Doctoral Dissertations

Date of Award


Degree Type


Degree Name

Doctor of Philosophy


Higher Education Administration

Major Professor

Norma Mertz

Committee Members

E. Grady Bogue, Ralph Brockett, Lane Morris


Educational assistance programs have existed in the United States since as early as 1952. These programs, in which employers pay for employees to complete post-secondary coursework, are popular among employers as recruitment and retention tools (Babcock, 2009; Buddin & Kapur, 2002; Cappelli, 2004; Manchester, 2008; Meisler, 2004; SHRM, 2009). They are viewed by employees as a means to accomplish personal goals (Jacobs, Skillings, & Yu, 2001). Yet, at last count, only 8% to 9% of eligible employees participated in classes through educational assistance (General Accounting Office, 1996). Little is known about why employees choose not to participate in educational assistance programs, nor about the role of the supervisor in non-participation decisions. The purpose of the study was to examine the impact of supervisor support on non-participation in an educational assistance program.
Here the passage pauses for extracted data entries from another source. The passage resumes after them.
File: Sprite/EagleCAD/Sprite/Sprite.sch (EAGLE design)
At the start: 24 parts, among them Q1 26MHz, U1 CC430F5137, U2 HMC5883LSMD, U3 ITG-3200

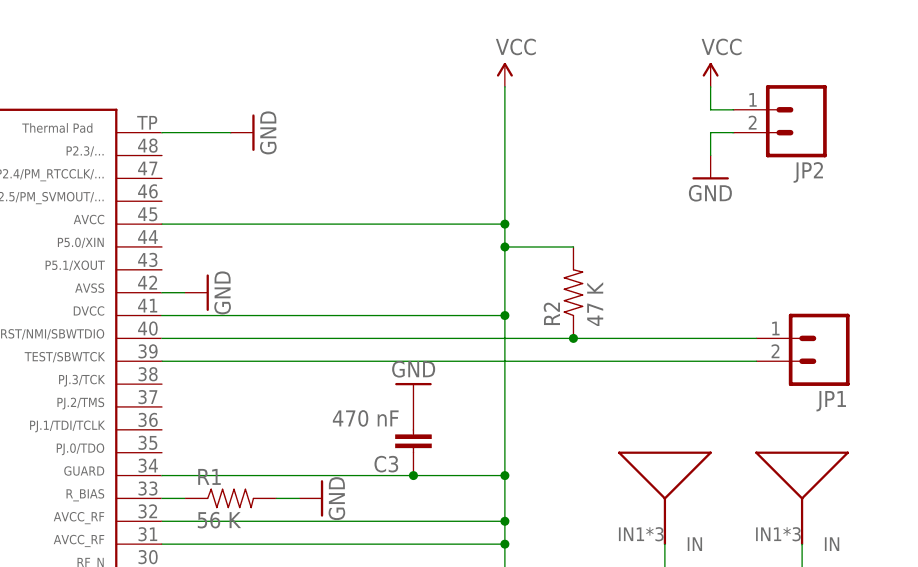
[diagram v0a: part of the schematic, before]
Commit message: Revert "Revert "Removed R2 and changed all passives to 0605 packages""
This reverts commit b3ebe1b95578add26a06b9776380b87bb7788d05.
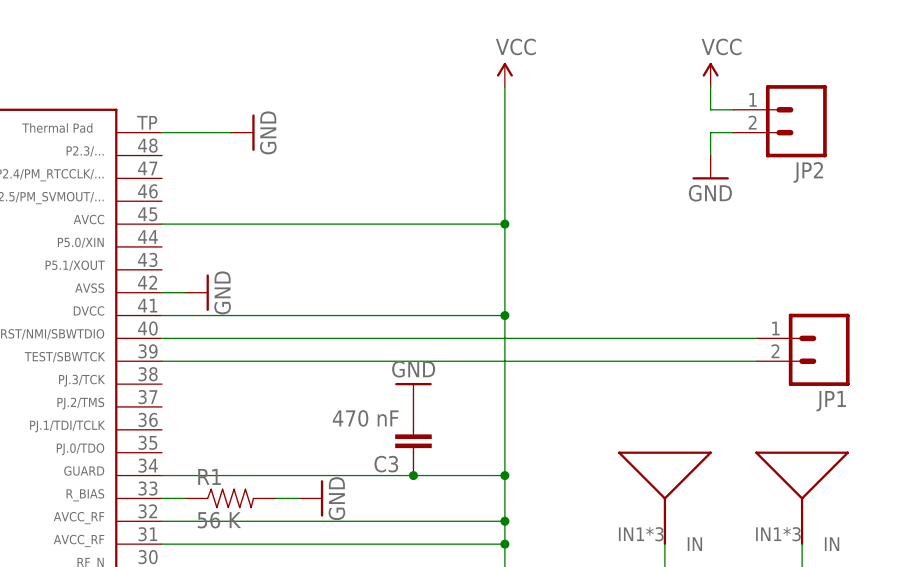
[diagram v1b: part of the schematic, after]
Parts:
- removed R2: 47 K, SparkFun:RESISTOR0603-RES
- C1, C2, C5, C6, C7: device SparkFun:CAP0402-CAP -> SparkFun:CAP0603-CAP
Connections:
- net RST: no longer R2.1
- net VCC: no longer R2.2
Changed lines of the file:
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@@
 <part name="U1" library="TI_MSP430_v16" deviceset="CC430F513X---RGZ48" device="" value="CC430F5137"/>
 <part name="Q1" library="ABM11_JAA" deviceset="ABM11_CERAMIC_SMD_CRYSTAL" device="ABM11" value="26MHz"/>
-<part name="C1" library="SparkFun" deviceset="CAP" device="0402-CAP" value="27 pF"/>
-<part name="C2" library="SparkFun" deviceset="CAP" device="0402-CAP" value="27 pF"/>
+<part name="C1" library="SparkFun" deviceset="CAP" device="0603-CAP" value="27 pF"/>
+<part name="C2" library="SparkFun" deviceset="CAP" device="0603-CAP" value="27 pF"/>
 <part name="R1" library="SparkFun" deviceset="RESISTOR" device="0603-RES" value="56 K"/>
 <part name="C3" library="SparkFun" deviceset="CAP" device="0603-CAP" value="470 nF"/>
 <part name="C4" library="SparkFun" deviceset="CAP" device="0603-CAP" value="470 nF"/>
-<part name="R2" library="SparkFun" deviceset="RESISTOR" device="0603-RES" value="47 K"/>
 <part name="GND3" library="SparkFun" deviceset="GND" device=""/>
 <part name="GND4" library="SparkFun" deviceset="GND" device=""/>
@@
 <part name="P+2" library="SparkFun" deviceset="VCC" device=""/>
 <part name="U2" library="SparkFun" deviceset="HMC5883L" device="SMD"/>
-<part name="C5" library="SparkFun" deviceset="CAP" device="0402-CAP" value=".1uF"/>
-<part name="C6" library="SparkFun" deviceset="CAP" device="0402-CAP" value=".22uF"/>
-<part name="C7" library="SparkFun" deviceset="CAP" device="0402-CAP" value="4.7uF"/>
+<part name="C5" library="SparkFun" deviceset="CAP" device="0603-CAP" value=".1uF"/>
+<part name="C6" library="SparkFun" deviceset="CAP" device="0603-CAP" value=".22uF"/>
+<part name="C7" library="SparkFun" deviceset="CAP" device="0603-CAP" value="4.7uF"/>
 <part name="GND11" library="SparkFun" deviceset="GND" device=""/>
 <part name="GND12" library="SparkFun" deviceset="GND" device=""/>
@@
 <instance part="C3" gate="G$1" x="203.2" y="83.82" rot="R180"/>
 <instance part="C4" gate="G$1" x="124.46" y="99.06" rot="R270"/>
-<instance part="R2" gate="G$1" x="220.98" y="99.06" rot="R90"/>
 <instance part="GND3" gate="1" x="180.34" y="99.06" rot="R90"/>
 <instance part="GND4" gate="1" x="185.42" y="116.84" rot="R90"/>
@@
 <wire x1="175.26" y1="63.5" x2="213.36" y2="63.5" width="0.1524" layer="91"/>
 <wire x1="175.26" y1="106.68" x2="213.36" y2="106.68" width="0.1524" layer="91"/>
-<wire x1="213.36" y1="106.68" x2="213.36" y2="104.14" width="0.1524" layer="91"/>
-<wire x1="213.36" y1="104.14" x2="213.36" y2="96.52" width="0.1524" layer="91"/>
+<wire x1="213.36" y1="106.68" x2="213.36" y2="96.52" width="0.1524" layer="91"/>
 <wire x1="175.26" y1="96.52" x2="213.36" y2="96.52" width="0.1524" layer="91"/>
 <wire x1="213.36" y1="96.52" x2="213.36" y2="78.74" width="0.1524" layer="91"/>
@@
 <wire x1="213.36" y1="71.12" x2="213.36" y2="63.5" width="0.1524" layer="91"/>
 <wire x1="175.26" y1="71.12" x2="213.36" y2="71.12" width="0.1524" layer="91"/>
-<wire x1="220.98" y1="104.14" x2="213.36" y2="104.14" width="0.1524" layer="91"/>
 <junction x="116.84" y="60.96"/>
 <junction x="213.36" y="60.96"/>
@@
 <junction x="213.36" y="73.66"/>
 <junction x="213.36" y="71.12"/>
-<junction x="213.36" y="104.14"/>
 <pinref part="U1" gate="G$1" pin="27"/>
 <pinref part="U1" gate="G$1" pin="22"/>
@@
 <pinref part="U1" gate="G$1" pin="32"/>
 <pinref part="U1" gate="G$1" pin="31"/>
-<pinref part="R2" gate="G$1" pin="2"/>
 <pinref part="P+2" gate="1" pin="VCC"/>
 <wire x1="213.36" y1="121.92" x2="213.36" y2="106.68" width="0.1524" layer="91"/>
@@
 <net name="RST" class="0">
 <segment>
-<wire x1="175.26" y1="93.98" x2="220.98" y2="93.98" width="0.1524" layer="91"/>
-<wire x1="220.98" y1="93.98" x2="241.3" y2="93.98" width="0.1524" layer="91"/>
+<wire x1="175.26" y1="93.98" x2="241.3" y2="93.98" width="0.1524" layer="91"/>
 <pinref part="U1" gate="G$1" pin="40"/>
-<pinref part="R2" gate="G$1" pin="1"/>
 <pinref part="JP1" gate="G$1" pin="1"/>
-<junction x="220.98" y="93.98"/>
-</segment>
-</net>
+</segment>
+</net>

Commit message: Revert "Removed R2 and changed all passives to 0605 packages"
This reverts commit fe0fb0a19ac4f8aff1bc8119a0abeef84ddcba56.
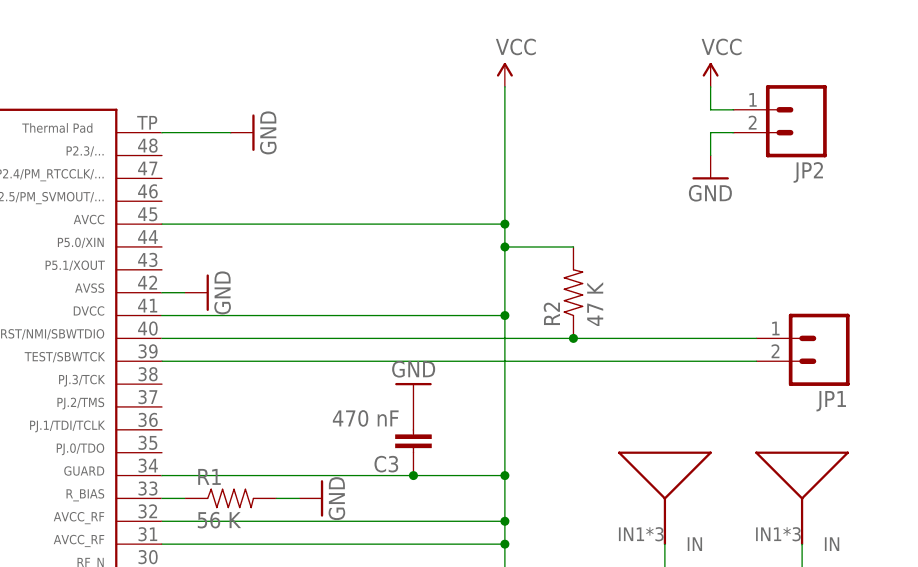
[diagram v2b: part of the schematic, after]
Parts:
- added R2: 47 K, SparkFun:RESISTOR0603-RES
- C1, C2, C5, C6, C7: device SparkFun:CAP0603-CAP -> SparkFun:CAP0402-CAP
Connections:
- net RST: now also R2.1
- net VCC: now also R2.2
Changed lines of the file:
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@@
 <part name="U1" library="TI_MSP430_v16" deviceset="CC430F513X---RGZ48" device="" value="CC430F5137"/>
 <part name="Q1" library="ABM11_JAA" deviceset="ABM11_CERAMIC_SMD_CRYSTAL" device="ABM11" value="26MHz"/>
-<part name="C1" library="SparkFun" deviceset="CAP" device="0603-CAP" value="27 pF"/>
-<part name="C2" library="SparkFun" deviceset="CAP" device="0603-CAP" value="27 pF"/>
+<part name="C1" library="SparkFun" deviceset="CAP" device="0402-CAP" value="27 pF"/>
+<part name="C2" library="SparkFun" deviceset="CAP" device="0402-CAP" value="27 pF"/>
 <part name="R1" library="SparkFun" deviceset="RESISTOR" device="0603-RES" value="56 K"/>
 <part name="C3" library="SparkFun" deviceset="CAP" device="0603-CAP" value="470 nF"/>
 <part name="C4" library="SparkFun" deviceset="CAP" device="0603-CAP" value="470 nF"/>
+<part name="R2" library="SparkFun" deviceset="RESISTOR" device="0603-RES" value="47 K"/>
 <part name="GND3" library="SparkFun" deviceset="GND" device=""/>
 <part name="GND4" library="SparkFun" deviceset="GND" device=""/>
@@
 <part name="P+2" library="SparkFun" deviceset="VCC" device=""/>
 <part name="U2" library="SparkFun" deviceset="HMC5883L" device="SMD"/>
-<part name="C5" library="SparkFun" deviceset="CAP" device="0603-CAP" value=".1uF"/>
-<part name="C6" library="SparkFun" deviceset="CAP" device="0603-CAP" value=".22uF"/>
-<part name="C7" library="SparkFun" deviceset="CAP" device="0603-CAP" value="4.7uF"/>
+<part name="C5" library="SparkFun" deviceset="CAP" device="0402-CAP" value=".1uF"/>
+<part name="C6" library="SparkFun" deviceset="CAP" device="0402-CAP" value=".22uF"/>
+<part name="C7" library="SparkFun" deviceset="CAP" device="0402-CAP" value="4.7uF"/>
 <part name="GND11" library="SparkFun" deviceset="GND" device=""/>
 <part name="GND12" library="SparkFun" deviceset="GND" device=""/>
@@
 <instance part="C3" gate="G$1" x="203.2" y="83.82" rot="R180"/>
 <instance part="C4" gate="G$1" x="124.46" y="99.06" rot="R270"/>
+<instance part="R2" gate="G$1" x="220.98" y="99.06" rot="R90"/>
 <instance part="GND3" gate="1" x="180.34" y="99.06" rot="R90"/>
 <instance part="GND4" gate="1" x="185.42" y="116.84" rot="R90"/>
@@
 <wire x1="175.26" y1="63.5" x2="213.36" y2="63.5" width="0.1524" layer="91"/>
 <wire x1="175.26" y1="106.68" x2="213.36" y2="106.68" width="0.1524" layer="91"/>
-<wire x1="213.36" y1="106.68" x2="213.36" y2="96.52" width="0.1524" layer="91"/>
+<wire x1="213.36" y1="106.68" x2="213.36" y2="104.14" width="0.1524" layer="91"/>
+<wire x1="213.36" y1="104.14" x2="213.36" y2="96.52" width="0.1524" layer="91"/>
 <wire x1="175.26" y1="96.52" x2="213.36" y2="96.52" width="0.1524" layer="91"/>
 <wire x1="213.36" y1="96.52" x2="213.36" y2="78.74" width="0.1524" layer="91"/>
@@
 <wire x1="213.36" y1="71.12" x2="213.36" y2="63.5" width="0.1524" layer="91"/>
 <wire x1="175.26" y1="71.12" x2="213.36" y2="71.12" width="0.1524" layer="91"/>
+<wire x1="220.98" y1="104.14" x2="213.36" y2="104.14" width="0.1524" layer="91"/>
 <junction x="116.84" y="60.96"/>
 <junction x="213.36" y="60.96"/>
@@
 <junction x="213.36" y="73.66"/>
 <junction x="213.36" y="71.12"/>
+<junction x="213.36" y="104.14"/>
 <pinref part="U1" gate="G$1" pin="27"/>
 <pinref part="U1" gate="G$1" pin="22"/>
@@
 <pinref part="U1" gate="G$1" pin="32"/>
 <pinref part="U1" gate="G$1" pin="31"/>
+<pinref part="R2" gate="G$1" pin="2"/>
 <pinref part="P+2" gate="1" pin="VCC"/>
 <wire x1="213.36" y1="121.92" x2="213.36" y2="106.68" width="0.1524" layer="91"/>
@@
 <net name="RST" class="0">
 <segment>
-<wire x1="175.26" y1="93.98" x2="241.3" y2="93.98" width="0.1524" layer="91"/>
+<wire x1="175.26" y1="93.98" x2="220.98" y2="93.98" width="0.1524" layer="91"/>
+<wire x1="220.98" y1="93.98" x2="241.3" y2="93.98" width="0.1524" layer="91"/>
 <pinref part="U1" gate="G$1" pin="40"/>
+<pinref part="R2" gate="G$1" pin="1"/>
 <pinref part="JP1" gate="G$1" pin="1"/>
-</segment>
-</net>
+<junction x="220.98" y="93.98"/>
+</segment>
+</net>

Data were collected through interviews with 15 university employees who had not taken free college classes through a university’s educational assistance program. The researcher analyzed and coded transcripts on an individual basis and then comparatively to identify emergent themes and categories. It was found that these participants chose not to participate in educational assistance due to four reasons: time constraints, early career financial concerns, past educational experiences, and lack of interest, with time constraints as the predominant reason. This finding was fairly consistent with the existing research and literature. It was further found that supervisors did not play a role, or played a minor role, in the decision not to participate. This finding was surprising, in that the literature suggests that supervisors play a significant role in employee development decisions.

Cross’s (1981) Chain of Response (COR) Model was utilized as a conceptual framework for the study, and proved helpful in identifying processes and relationships underlying participants’ non-participation decisions. It also provided a means through which to consider the interplay between individual motivation and environmental factors in participation decisions.